_TASK STATEMENT_
The answer should consist solely of the lines from the first one below through the line containing "line L6 (12, 0) -> (12, 3)", copied exactly.

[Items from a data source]
# # # # #
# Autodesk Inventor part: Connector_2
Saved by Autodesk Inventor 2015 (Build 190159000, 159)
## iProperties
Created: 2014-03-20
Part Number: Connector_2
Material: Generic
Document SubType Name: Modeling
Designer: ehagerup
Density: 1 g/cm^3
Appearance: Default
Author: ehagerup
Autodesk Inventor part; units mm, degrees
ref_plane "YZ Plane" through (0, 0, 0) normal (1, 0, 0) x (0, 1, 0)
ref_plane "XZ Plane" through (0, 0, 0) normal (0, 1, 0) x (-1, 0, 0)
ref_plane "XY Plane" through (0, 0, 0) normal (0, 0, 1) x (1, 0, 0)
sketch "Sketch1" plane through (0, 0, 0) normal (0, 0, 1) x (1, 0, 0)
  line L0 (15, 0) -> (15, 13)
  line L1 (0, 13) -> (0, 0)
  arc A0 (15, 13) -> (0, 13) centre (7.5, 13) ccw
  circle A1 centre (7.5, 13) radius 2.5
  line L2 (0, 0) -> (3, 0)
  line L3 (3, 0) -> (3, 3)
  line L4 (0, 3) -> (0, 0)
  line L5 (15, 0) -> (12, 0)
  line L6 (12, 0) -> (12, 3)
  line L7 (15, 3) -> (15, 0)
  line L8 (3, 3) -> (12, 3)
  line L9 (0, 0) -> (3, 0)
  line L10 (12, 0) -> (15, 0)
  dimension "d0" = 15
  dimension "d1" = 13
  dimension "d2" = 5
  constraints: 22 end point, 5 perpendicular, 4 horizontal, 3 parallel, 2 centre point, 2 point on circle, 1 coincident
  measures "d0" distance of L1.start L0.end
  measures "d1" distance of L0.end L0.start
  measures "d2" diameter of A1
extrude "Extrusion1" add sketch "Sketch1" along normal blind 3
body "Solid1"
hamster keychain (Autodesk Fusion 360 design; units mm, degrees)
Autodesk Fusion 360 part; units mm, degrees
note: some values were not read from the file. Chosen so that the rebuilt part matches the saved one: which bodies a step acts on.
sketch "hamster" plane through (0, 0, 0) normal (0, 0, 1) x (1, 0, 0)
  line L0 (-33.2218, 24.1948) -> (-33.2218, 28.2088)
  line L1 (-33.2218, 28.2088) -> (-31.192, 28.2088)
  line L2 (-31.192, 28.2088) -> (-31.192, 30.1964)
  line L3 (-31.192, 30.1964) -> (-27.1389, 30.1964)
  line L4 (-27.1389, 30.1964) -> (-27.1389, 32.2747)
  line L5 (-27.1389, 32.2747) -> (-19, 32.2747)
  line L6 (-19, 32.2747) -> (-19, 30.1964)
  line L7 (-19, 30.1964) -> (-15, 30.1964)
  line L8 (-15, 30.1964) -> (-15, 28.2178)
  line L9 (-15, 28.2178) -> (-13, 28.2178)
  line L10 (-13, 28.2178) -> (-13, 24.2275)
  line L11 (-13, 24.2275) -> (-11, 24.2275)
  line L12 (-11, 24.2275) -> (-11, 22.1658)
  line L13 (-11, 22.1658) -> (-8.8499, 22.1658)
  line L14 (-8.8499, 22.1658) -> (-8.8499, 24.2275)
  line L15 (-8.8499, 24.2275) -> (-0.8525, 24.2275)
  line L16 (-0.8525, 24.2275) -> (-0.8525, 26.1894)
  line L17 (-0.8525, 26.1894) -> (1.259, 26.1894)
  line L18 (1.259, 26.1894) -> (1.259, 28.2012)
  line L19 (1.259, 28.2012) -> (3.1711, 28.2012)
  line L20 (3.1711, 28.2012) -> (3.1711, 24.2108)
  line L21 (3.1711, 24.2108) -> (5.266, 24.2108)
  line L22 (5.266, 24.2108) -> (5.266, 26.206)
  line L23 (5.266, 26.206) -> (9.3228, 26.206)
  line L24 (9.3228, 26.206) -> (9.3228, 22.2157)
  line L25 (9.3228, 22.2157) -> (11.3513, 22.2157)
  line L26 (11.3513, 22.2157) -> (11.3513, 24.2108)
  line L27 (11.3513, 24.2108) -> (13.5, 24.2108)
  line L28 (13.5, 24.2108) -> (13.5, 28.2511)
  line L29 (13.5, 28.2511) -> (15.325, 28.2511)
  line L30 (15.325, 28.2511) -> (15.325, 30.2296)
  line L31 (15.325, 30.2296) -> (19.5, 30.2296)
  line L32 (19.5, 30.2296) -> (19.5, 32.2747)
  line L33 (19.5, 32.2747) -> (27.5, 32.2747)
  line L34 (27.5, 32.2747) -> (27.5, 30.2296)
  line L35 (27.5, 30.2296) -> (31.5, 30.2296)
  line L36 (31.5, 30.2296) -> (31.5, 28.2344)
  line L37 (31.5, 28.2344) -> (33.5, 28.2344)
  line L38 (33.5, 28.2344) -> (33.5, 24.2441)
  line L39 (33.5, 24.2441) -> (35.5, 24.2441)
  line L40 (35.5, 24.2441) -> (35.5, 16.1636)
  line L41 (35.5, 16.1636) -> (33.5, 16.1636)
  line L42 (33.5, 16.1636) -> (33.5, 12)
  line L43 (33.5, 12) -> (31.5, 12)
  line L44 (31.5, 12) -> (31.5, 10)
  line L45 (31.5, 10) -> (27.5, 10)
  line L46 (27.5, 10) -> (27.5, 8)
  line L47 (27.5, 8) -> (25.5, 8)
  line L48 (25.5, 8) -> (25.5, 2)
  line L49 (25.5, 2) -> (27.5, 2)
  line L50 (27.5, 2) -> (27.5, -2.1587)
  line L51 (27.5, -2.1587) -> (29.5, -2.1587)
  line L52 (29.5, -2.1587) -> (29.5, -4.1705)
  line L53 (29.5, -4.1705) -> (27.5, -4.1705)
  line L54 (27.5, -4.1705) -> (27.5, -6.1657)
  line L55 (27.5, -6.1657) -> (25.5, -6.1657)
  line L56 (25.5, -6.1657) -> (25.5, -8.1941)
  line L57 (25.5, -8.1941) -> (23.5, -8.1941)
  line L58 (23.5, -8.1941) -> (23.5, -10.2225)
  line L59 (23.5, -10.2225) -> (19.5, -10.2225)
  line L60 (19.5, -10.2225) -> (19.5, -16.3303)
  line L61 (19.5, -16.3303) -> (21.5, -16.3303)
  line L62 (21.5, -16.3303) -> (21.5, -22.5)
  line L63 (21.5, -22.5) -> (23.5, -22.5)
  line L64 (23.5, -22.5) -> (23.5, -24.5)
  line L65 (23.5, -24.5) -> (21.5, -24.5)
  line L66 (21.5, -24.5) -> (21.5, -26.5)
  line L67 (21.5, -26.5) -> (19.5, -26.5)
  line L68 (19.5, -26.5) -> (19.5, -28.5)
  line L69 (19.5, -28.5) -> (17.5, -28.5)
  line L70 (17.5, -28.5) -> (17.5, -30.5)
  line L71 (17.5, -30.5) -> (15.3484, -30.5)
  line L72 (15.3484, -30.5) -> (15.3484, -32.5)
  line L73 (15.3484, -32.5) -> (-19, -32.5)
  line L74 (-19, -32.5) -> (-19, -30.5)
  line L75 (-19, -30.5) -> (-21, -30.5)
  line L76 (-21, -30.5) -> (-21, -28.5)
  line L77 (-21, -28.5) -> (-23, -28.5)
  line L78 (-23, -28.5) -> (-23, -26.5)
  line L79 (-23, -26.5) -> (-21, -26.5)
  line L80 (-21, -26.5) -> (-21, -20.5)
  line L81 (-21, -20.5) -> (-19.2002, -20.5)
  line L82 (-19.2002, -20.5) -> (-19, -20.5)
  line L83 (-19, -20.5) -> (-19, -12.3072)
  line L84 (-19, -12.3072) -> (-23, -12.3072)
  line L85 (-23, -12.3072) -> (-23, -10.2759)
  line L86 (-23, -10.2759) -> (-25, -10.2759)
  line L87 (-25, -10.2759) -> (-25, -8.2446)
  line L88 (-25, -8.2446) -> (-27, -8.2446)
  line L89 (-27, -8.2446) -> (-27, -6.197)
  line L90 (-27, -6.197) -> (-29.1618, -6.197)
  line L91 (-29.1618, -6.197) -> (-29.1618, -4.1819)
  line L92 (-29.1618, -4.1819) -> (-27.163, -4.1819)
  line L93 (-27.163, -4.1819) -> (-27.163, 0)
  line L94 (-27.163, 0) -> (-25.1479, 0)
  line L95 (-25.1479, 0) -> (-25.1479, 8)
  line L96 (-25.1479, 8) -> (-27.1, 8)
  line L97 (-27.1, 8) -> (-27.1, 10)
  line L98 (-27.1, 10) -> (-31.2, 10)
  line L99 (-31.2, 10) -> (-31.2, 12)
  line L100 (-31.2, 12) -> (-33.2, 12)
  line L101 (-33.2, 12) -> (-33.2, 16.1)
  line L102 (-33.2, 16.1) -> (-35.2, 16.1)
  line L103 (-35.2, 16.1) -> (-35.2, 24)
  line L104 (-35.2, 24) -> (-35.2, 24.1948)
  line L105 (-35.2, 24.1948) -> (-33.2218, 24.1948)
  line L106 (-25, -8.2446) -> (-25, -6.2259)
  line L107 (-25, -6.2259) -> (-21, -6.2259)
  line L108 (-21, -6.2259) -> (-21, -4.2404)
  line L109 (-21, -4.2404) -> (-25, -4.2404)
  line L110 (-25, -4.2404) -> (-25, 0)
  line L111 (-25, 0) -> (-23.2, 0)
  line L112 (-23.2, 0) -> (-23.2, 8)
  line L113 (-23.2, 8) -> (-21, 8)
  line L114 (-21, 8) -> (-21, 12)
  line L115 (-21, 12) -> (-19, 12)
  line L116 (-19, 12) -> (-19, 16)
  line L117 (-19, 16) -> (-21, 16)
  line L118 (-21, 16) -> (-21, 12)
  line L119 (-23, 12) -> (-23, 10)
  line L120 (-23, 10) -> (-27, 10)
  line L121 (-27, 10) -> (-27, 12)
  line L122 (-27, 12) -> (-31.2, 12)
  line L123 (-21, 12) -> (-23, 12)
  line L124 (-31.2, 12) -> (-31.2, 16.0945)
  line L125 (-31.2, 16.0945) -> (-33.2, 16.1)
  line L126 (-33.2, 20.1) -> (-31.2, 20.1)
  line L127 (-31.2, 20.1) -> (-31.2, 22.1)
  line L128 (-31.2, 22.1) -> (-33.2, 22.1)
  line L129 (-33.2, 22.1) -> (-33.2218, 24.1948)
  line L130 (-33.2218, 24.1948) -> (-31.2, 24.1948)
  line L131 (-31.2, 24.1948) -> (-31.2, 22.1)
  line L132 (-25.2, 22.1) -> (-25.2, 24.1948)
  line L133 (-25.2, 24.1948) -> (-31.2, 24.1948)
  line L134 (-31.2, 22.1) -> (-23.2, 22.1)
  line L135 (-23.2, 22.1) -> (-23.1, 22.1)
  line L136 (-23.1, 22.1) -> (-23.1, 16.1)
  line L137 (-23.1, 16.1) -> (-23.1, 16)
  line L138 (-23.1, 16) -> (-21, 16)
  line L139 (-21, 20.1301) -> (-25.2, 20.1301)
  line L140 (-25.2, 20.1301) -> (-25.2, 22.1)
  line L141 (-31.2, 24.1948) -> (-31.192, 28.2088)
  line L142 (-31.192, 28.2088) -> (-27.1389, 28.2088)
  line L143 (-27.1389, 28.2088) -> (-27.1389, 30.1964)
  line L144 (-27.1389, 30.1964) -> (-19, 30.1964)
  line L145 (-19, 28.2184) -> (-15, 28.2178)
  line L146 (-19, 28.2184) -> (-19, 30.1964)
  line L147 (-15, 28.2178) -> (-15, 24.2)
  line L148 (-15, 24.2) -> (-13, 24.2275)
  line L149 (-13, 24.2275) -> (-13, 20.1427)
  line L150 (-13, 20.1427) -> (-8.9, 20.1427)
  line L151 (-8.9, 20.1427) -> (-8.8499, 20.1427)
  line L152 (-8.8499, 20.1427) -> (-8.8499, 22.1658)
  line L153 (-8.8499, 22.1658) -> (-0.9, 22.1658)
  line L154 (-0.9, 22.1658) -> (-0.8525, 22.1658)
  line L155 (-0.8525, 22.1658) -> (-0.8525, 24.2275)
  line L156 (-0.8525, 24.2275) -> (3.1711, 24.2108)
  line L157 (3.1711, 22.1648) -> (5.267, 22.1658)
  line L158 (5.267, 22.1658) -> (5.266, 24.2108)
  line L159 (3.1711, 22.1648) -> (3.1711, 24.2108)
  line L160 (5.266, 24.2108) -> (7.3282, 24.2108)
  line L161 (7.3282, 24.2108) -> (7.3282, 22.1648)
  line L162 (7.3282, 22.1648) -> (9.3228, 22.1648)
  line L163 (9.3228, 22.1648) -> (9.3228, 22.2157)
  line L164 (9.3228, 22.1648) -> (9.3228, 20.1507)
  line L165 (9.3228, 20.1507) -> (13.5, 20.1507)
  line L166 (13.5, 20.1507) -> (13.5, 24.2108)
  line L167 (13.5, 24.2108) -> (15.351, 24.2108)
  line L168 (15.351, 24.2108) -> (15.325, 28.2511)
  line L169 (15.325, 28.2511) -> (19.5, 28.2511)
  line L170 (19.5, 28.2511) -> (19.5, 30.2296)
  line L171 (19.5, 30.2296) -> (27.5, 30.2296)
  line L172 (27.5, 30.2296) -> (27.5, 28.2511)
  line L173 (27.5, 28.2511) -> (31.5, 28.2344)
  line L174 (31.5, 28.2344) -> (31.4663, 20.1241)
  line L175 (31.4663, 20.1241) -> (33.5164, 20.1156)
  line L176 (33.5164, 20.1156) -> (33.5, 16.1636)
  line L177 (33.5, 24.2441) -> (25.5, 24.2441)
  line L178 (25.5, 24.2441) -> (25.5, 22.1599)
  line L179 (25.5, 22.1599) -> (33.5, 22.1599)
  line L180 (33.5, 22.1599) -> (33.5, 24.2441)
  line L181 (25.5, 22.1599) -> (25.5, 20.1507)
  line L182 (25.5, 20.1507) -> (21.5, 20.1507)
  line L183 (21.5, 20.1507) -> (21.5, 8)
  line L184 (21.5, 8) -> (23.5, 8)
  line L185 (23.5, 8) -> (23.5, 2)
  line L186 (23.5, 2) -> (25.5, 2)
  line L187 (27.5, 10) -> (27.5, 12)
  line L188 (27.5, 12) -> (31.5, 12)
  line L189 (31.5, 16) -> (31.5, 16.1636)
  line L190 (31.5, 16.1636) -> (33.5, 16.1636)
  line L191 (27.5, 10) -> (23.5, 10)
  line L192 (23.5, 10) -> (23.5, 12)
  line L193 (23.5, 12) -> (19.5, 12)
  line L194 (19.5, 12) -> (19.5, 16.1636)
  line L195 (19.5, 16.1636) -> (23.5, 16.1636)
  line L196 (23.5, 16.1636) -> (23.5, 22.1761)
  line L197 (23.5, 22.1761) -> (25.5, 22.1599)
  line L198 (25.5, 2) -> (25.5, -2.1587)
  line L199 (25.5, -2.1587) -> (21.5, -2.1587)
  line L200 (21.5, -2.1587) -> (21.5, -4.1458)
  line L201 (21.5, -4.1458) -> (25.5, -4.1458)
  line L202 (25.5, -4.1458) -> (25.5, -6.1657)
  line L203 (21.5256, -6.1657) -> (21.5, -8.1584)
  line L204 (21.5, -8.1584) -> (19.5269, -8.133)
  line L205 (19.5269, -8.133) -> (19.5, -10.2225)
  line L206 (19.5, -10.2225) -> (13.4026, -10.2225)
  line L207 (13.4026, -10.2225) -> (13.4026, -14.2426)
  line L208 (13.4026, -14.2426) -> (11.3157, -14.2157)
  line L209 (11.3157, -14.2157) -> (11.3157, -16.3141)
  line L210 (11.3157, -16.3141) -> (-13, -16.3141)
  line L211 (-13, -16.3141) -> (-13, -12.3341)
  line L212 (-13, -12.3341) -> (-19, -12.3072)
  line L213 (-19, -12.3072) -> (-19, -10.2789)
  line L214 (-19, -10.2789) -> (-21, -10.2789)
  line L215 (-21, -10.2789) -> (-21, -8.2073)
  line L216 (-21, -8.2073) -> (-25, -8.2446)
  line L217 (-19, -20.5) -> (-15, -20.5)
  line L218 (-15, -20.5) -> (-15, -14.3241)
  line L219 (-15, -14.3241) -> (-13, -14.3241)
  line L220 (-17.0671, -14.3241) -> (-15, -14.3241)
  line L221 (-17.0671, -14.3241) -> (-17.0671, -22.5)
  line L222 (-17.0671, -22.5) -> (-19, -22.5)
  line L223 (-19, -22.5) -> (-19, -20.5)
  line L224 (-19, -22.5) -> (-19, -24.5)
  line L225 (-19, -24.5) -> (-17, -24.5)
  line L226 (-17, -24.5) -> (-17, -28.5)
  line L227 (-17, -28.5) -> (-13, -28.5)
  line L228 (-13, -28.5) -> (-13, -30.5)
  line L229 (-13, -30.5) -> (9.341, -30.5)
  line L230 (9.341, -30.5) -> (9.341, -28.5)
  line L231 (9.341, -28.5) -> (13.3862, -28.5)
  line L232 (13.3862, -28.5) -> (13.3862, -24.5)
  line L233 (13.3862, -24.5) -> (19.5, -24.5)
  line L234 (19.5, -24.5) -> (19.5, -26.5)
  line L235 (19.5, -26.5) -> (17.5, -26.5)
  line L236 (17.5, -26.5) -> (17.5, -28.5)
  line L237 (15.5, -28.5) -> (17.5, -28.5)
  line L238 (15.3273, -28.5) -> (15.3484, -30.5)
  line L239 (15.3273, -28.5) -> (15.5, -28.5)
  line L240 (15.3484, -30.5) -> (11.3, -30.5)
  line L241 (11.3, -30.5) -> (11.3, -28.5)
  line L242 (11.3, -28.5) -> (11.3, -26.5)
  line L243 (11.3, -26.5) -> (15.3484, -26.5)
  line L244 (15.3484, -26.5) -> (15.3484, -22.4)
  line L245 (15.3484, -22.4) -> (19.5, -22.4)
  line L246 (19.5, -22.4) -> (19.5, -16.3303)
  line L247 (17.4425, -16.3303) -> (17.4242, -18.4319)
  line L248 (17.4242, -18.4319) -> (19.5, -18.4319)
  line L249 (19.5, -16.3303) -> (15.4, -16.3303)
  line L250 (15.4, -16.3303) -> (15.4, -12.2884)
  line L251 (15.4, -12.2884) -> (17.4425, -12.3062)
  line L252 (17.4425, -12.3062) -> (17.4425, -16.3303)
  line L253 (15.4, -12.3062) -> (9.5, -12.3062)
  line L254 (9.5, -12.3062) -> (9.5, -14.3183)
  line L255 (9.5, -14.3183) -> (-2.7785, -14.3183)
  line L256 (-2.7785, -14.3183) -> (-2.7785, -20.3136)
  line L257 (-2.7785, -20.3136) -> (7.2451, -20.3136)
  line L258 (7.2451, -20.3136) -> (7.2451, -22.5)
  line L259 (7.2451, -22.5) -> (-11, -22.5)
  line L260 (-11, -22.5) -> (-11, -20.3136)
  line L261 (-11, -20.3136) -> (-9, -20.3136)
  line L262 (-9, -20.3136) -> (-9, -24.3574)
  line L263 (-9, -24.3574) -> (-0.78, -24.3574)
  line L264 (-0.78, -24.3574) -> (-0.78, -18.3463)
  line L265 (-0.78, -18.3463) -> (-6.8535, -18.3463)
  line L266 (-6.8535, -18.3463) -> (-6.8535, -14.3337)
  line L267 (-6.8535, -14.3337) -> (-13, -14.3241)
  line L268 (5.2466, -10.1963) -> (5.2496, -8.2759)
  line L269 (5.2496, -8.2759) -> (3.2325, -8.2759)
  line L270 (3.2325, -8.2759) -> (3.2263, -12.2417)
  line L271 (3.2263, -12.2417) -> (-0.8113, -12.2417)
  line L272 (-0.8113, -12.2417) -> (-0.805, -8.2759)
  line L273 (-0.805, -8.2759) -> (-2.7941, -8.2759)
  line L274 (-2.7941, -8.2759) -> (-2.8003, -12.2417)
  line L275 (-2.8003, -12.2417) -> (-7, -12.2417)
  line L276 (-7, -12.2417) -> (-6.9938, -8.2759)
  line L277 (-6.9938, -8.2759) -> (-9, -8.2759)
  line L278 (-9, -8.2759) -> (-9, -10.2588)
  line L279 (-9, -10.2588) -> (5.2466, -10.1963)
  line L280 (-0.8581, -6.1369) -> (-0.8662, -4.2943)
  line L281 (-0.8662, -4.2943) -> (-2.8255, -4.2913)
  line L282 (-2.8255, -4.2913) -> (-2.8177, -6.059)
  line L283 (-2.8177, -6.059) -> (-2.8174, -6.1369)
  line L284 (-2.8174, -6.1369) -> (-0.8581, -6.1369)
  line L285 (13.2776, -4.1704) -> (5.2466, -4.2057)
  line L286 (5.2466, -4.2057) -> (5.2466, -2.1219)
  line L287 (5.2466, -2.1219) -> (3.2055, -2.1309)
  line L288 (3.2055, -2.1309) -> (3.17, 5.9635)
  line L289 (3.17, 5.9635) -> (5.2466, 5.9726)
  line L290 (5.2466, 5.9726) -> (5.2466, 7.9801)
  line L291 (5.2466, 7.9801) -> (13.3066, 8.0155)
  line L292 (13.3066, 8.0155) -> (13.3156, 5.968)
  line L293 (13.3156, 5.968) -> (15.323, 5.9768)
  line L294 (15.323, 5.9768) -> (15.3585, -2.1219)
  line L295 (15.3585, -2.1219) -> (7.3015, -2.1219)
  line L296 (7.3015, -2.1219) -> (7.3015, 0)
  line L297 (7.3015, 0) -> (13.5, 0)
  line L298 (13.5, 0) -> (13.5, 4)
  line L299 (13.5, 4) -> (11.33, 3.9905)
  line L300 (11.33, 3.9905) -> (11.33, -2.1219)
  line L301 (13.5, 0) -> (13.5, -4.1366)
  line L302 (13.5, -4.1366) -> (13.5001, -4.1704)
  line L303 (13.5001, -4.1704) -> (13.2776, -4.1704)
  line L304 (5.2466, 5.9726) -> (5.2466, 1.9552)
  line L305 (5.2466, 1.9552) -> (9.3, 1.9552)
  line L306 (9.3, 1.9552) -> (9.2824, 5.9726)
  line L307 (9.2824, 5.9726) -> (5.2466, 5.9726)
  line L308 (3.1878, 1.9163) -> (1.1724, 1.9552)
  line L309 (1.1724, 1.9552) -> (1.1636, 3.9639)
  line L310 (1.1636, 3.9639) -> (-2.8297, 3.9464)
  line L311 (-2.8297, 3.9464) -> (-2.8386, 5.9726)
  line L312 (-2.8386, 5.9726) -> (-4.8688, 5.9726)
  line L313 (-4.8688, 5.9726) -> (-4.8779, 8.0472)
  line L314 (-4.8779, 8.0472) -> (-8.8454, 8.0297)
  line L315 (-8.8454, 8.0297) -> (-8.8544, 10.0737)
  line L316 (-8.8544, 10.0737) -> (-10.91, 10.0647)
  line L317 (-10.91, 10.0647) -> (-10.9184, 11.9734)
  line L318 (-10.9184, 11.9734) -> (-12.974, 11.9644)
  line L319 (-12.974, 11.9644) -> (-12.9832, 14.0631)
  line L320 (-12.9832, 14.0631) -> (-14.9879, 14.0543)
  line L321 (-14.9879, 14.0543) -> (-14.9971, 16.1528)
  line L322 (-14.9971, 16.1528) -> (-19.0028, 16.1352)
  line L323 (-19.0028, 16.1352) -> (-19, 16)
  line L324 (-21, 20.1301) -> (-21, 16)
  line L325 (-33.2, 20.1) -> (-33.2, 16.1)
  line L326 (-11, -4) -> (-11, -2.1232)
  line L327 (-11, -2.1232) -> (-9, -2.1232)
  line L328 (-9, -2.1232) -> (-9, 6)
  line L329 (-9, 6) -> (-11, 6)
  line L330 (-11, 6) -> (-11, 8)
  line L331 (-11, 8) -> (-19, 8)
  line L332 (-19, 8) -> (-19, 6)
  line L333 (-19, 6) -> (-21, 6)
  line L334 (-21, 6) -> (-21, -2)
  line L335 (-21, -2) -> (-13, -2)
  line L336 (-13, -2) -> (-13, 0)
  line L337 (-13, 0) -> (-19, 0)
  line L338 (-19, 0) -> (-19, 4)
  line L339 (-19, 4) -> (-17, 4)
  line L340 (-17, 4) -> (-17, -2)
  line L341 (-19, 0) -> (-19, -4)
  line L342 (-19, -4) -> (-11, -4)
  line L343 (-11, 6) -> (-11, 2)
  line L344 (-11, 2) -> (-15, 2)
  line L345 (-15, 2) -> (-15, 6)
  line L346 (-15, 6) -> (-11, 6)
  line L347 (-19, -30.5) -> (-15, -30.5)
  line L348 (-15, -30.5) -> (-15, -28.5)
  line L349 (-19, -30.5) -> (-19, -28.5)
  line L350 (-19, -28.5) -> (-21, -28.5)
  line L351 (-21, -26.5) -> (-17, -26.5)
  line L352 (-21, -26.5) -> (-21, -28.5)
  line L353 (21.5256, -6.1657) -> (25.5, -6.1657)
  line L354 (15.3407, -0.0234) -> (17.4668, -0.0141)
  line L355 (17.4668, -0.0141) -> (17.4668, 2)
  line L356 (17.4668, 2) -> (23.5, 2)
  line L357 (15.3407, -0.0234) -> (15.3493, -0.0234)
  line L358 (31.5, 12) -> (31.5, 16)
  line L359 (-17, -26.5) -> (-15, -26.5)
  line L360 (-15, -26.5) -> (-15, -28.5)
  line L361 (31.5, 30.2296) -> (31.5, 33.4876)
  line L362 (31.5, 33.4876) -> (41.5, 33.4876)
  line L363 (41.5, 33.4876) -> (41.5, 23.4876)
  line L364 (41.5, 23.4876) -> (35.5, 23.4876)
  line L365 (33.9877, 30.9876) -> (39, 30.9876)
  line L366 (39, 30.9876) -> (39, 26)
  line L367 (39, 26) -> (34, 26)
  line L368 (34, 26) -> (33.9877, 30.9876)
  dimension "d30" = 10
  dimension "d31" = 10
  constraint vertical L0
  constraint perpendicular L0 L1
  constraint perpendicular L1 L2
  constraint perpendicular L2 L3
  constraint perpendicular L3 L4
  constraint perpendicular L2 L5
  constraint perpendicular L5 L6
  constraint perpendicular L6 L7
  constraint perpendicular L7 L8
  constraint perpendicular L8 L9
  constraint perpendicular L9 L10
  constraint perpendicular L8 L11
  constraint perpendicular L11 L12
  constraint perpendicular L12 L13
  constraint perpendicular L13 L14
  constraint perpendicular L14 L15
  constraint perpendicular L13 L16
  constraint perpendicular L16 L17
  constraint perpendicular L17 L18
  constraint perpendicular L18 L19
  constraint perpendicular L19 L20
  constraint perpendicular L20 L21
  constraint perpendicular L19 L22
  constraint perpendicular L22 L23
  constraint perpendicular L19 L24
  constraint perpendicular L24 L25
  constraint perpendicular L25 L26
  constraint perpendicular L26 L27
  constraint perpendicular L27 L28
# # # # #
_REPLY_
# Autodesk Inventor part: Connector_2
Saved by Autodesk Inventor 2015 (Build 190159000, 159)
## iProperties
Created: 2014-03-20
Part Number: Connector_2
Material: Generic
Document SubType Name: Modeling
Designer: ehagerup
Density: 1 g/cm^3
Appearance: Default
Author: ehagerup
Autodesk Inventor part; units mm, degrees
ref_plane "YZ Plane" through (0, 0, 0) normal (1, 0, 0) x (0, 1, 0)
ref_plane "XZ Plane" through (0, 0, 0) normal (0, 1, 0) x (-1, 0, 0)
ref_plane "XY Plane" through (0, 0, 0) normal (0, 0, 1) x (1, 0, 0)
sketch "Sketch1" plane through (0, 0, 0) normal (0, 0, 1) x (1, 0, 0)
  line L0 (15, 0) -> (15, 13)
  line L1 (0, 13) -> (0, 0)
  arc A0 (15, 13) -> (0, 13) centre (7.5, 13) ccw
  circle A1 centre (7.5, 13) radius 2.5
  line L2 (0, 0) -> (3, 0)
  line L3 (3, 0) -> (3, 3)
  line L4 (0, 3) -> (0, 0)
  line L5 (15, 0) -> (12, 0)
  line L6 (12, 0) -> (12, 3)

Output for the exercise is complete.